In this structure, each atom directly touches only 6 others, one on each face of the cube that it is part of. This gives the simple cubic structure the smallest coordination number among cubic structures, contributing to its lower packing efficiency.

To determine the volume of atoms in a simple cubic unit cell, use the formula \(V_{simple} = 1 \times \frac{4}{3} \pi r^{3}\). The unit cell edge length is \(2r\), and the volume of the unit cell is \(V_{simple\_cell}=(2r)^{3}\). The packing fraction here is approximately 25%, indicating that much of the space within a simple cubic lattice is unoccupied.

Atomic Packing Factor

The atomic packing factor (APF) is a measure of the efficiency of space usage in a crystal structure. It is defined as the fraction of volume in a unit cell that is occupied by atoms. This concept helps us understand how densely packed the atoms are in a given structure.

For the cubic closest packed (ccp) structure, the APF is about 0.74 (or 74%), indicating a very efficient packing.

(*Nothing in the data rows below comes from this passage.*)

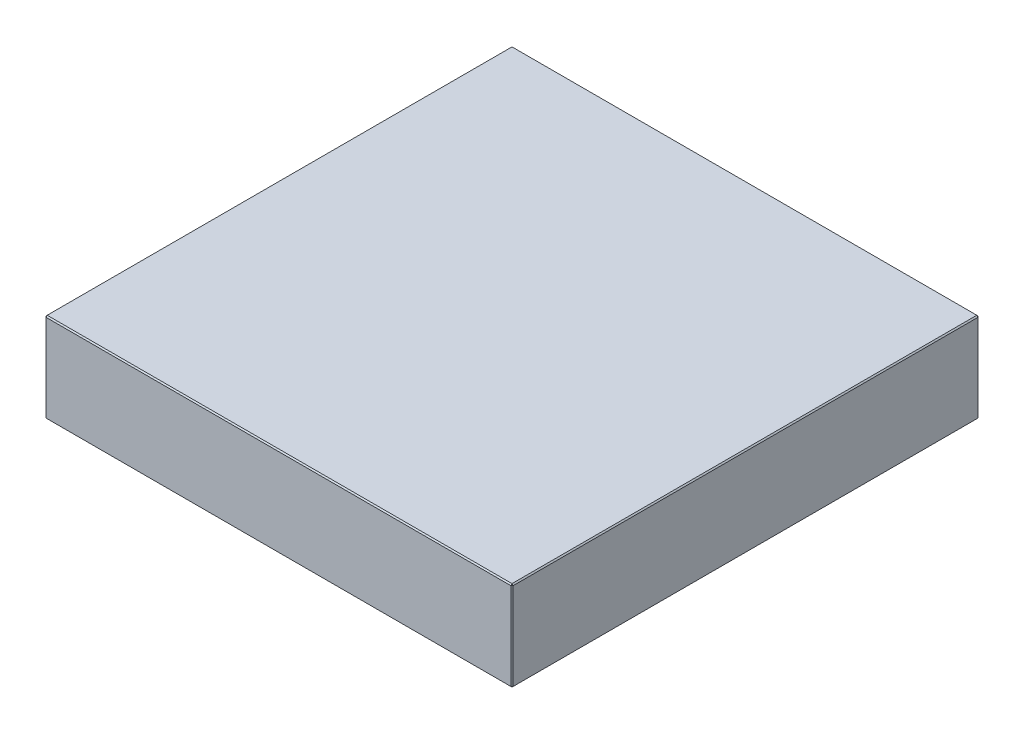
ISO-10303-21;
HEADER;
FILE_DESCRIPTION(('STEP AP214'),'2;1');
FILE_NAME('part.step','',(''),(''),'','','');
FILE_SCHEMA(('AUTOMOTIVE_DESIGN { 1 0 10303 214 1 1 1 1 }'));
ENDSEC;
DATA;
#1=APPLICATION_CONTEXT('core data for automotive mechanical design processes');
#2=APPLICATION_PROTOCOL_DEFINITION('international standard','automotive_design',2000,#1);
#3=PRODUCT_CONTEXT('',#1,'mechanical');
#4=PRODUCT('Part','Part','',(#3));
#5=PRODUCT_RELATED_PRODUCT_CATEGORY('part','',(#4));
#6=PRODUCT_DEFINITION_FORMATION('','',#4);
#7=PRODUCT_DEFINITION_CONTEXT('part definition',#1,'design');
#8=PRODUCT_DEFINITION('design','',#6,#7);
#9=PRODUCT_DEFINITION_SHAPE('','',#8);
#10=(LENGTH_UNIT() NAMED_UNIT(*) SI_UNIT(.MILLI.,.METRE.));
#11=(NAMED_UNIT(*) PLANE_ANGLE_UNIT() SI_UNIT($,.RADIAN.));
#12=(NAMED_UNIT(*) SI_UNIT($,.STERADIAN.) SOLID_ANGLE_UNIT());
#13=UNCERTAINTY_MEASURE_WITH_UNIT(LENGTH_MEASURE(1.E-05),#10,'distance_accuracy_value','');
#14=(GEOMETRIC_REPRESENTATION_CONTEXT(3) GLOBAL_UNCERTAINTY_ASSIGNED_CONTEXT((#13)) GLOBAL_UNIT_ASSIGNED_CONTEXT((#10,
#11,#12)) REPRESENTATION_CONTEXT('',''));
#15=CARTESIAN_POINT('',(0.,0.,0.));
#16=DIRECTION('',(0.,0.,1.));
#17=DIRECTION('',(1.,0.,0.));
#18=AXIS2_PLACEMENT_3D('',#15,#16,#17);
#19=CARTESIAN_POINT('',(-198.,76.,198.));
#20=DIRECTION('',(1.,0.,0.));
#21=DIRECTION('',(0.,0.,-1.));
#22=AXIS2_PLACEMENT_3D('',#19,#20,#21);
#23=PLANE('',#22);
#24=DIRECTION('',(0.,-1.,0.));
#25=VECTOR('',#24,1.);
#26=CARTESIAN_POINT('',(-198.,76.,-197.));
#27=LINE('',#26,#25);
#28=CARTESIAN_POINT('',(-198.,75.,-197.));
#29=VERTEX_POINT('',#28);
#30=CARTESIAN_POINT('',(-198.,1.,-197.));
#31=VERTEX_POINT('',#30);
#32=EDGE_CURVE('E114',#29,#31,#27,.T.);
#33=ORIENTED_EDGE('',*,*,#32,.T.);
#34=DIRECTION('',(0.,0.,1.));
#35=VECTOR('',#34,1.);
#36=CARTESIAN_POINT('',(-198.,1.,198.));
#37=LINE('',#36,#35);
#38=CARTESIAN_POINT('',(-198.,1.,197.));
#39=VERTEX_POINT('',#38);
#40=EDGE_CURVE('E110',#31,#39,#37,.T.);
#41=ORIENTED_EDGE('',*,*,#40,.T.);
#42=DIRECTION('',(0.,1.,0.));
#43=VECTOR('',#42,1.);
#44=CARTESIAN_POINT('',(-198.,76.,197.));
#45=LINE('',#44,#43);
#46=CARTESIAN_POINT('',(-198.,75.,197.));
#47=VERTEX_POINT('',#46);
#48=EDGE_CURVE('E103',#39,#47,#45,.T.);
#49=ORIENTED_EDGE('',*,*,#48,.T.);
#50=DIRECTION('',(0.,0.,-1.));
#51=VECTOR('',#50,1.);
#52=CARTESIAN_POINT('',(-198.,75.,-198.));
#53=LINE('',#52,#51);
#54=EDGE_CURVE('E107',#47,#29,#53,.T.);
#55=ORIENTED_EDGE('',*,*,#54,.T.);
#56=EDGE_LOOP('',(#33,#41,#49,#55));
#57=FACE_BOUND('',#56,.T.);
#58=ADVANCED_FACE('F15',(#57),#23,.F.);
#59=CARTESIAN_POINT('',(198.,76.,198.));
#60=DIRECTION('',(0.,0.,-1.));
#61=DIRECTION('',(-1.,0.,0.));
#62=AXIS2_PLACEMENT_3D('',#59,#60,#61);
#63=PLANE('',#62);
#64=DIRECTION('',(-1.,0.,0.));
#65=VECTOR('',#64,1.);
#66=CARTESIAN_POINT('',(-198.,75.,198.));
#67=LINE('',#66,#65);
#68=CARTESIAN_POINT('',(197.,75.,198.));
#69=VERTEX_POINT('',#68);
#70=CARTESIAN_POINT('',(-197.,75.,198.));
#71=VERTEX_POINT('',#70);
#72=EDGE_CURVE('E164',#69,#71,#67,.T.);
#73=ORIENTED_EDGE('',*,*,#72,.T.);
#74=DIRECTION('',(0.,-1.,0.));
#75=VECTOR('',#74,1.);
#76=CARTESIAN_POINT('',(-197.,76.,198.));
#77=LINE('',#76,#75);
#78=CARTESIAN_POINT('',(-197.,1.00000000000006,198.));
#79=VERTEX_POINT('',#78);
#80=EDGE_CURVE('E122',#71,#79,#77,.T.);
#81=ORIENTED_EDGE('',*,*,#80,.T.);
#82=DIRECTION('',(1.,0.,0.));
#83=VECTOR('',#82,1.);
#84=CARTESIAN_POINT('',(198.,1.00000000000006,198.));
#85=LINE('',#84,#83);
#86=CARTESIAN_POINT('',(197.,1.00000000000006,198.));
#87=VERTEX_POINT('',#86);
#88=EDGE_CURVE('E168',#79,#87,#85,.T.);
#89=ORIENTED_EDGE('',*,*,#88,.T.);
#90=DIRECTION('',(0.,1.,0.));
#91=VECTOR('',#90,1.);
#92=CARTESIAN_POINT('',(197.,76.,198.));
#93=LINE('',#92,#91);
#94=EDGE_CURVE('E166',#87,#69,#93,.T.);
#95=ORIENTED_EDGE('',*,*,#94,.T.);
#96=EDGE_LOOP('',(#73,#81,#89,#95));
#97=FACE_BOUND('',#96,.T.);
#98=ADVANCED_FACE('F275',(#97),#63,.F.);
#99=CARTESIAN_POINT('',(198.,76.,198.));
#100=DIRECTION('',(-1.,0.,0.));
#101=DIRECTION('',(0.,0.,1.));
#102=AXIS2_PLACEMENT_3D('',#99,#100,#101);
#103=PLANE('',#102);
#104=DIRECTION('',(0.,0.,-1.));
#105=VECTOR('',#104,1.);
#106=CARTESIAN_POINT('',(198.,1.00000000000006,198.));
#107=LINE('',#106,#105);
#108=CARTESIAN_POINT('',(198.,1.00000000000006,197.));
#109=VERTEX_POINT('',#108);
#110=CARTESIAN_POINT('',(198.,1.00000000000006,-197.));
#111=VERTEX_POINT('',#110);
#112=EDGE_CURVE('E159',#109,#111,#107,.T.);
#113=ORIENTED_EDGE('',*,*,#112,.T.);
#114=DIRECTION('',(0.,1.,0.));
#115=VECTOR('',#114,1.);
#116=CARTESIAN_POINT('',(198.,76.,-197.));
#117=LINE('',#116,#115);
#118=CARTESIAN_POINT('',(198.,75.,-197.));
#119=VERTEX_POINT('',#118);
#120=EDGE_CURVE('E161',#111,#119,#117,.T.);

This is due to the overlapping arrangement of atoms, which minimizes empty space.

In contrast, the simple cubic structure has an APF of just 0.25 (or 25%), reflecting its less efficient packing with large amounts of unoccupied space. Understanding the APF helps in comparing different structures and assessing their potential properties, such as density and stability.

Volume Occupied by Atoms

To determine how much space within a unit cell is filled by atoms, we calculate the volume occupied by these atoms. This volume is essential for assessing the density and structural properties of any crystalline material.

In the context of cubic structured crystals, this occupied volume is derived from the count of atoms per unit cell and the individual volume of each atom. The formula \(V = n \times \frac{4}{3} \pi r^{3}\) is used, where \(n\) is the number of atoms per unit cell. In the ccp structure, this volume results in a high packing fraction due to overlap between layers.

Comparatively, the simple cubic structure yields a smaller occupied volume since only one atom effectively fills each cell. Knowing the volume occupied by atoms not only allows for the computation of the packing factor but also provides insights into the material’s potential properties and stability across different phases.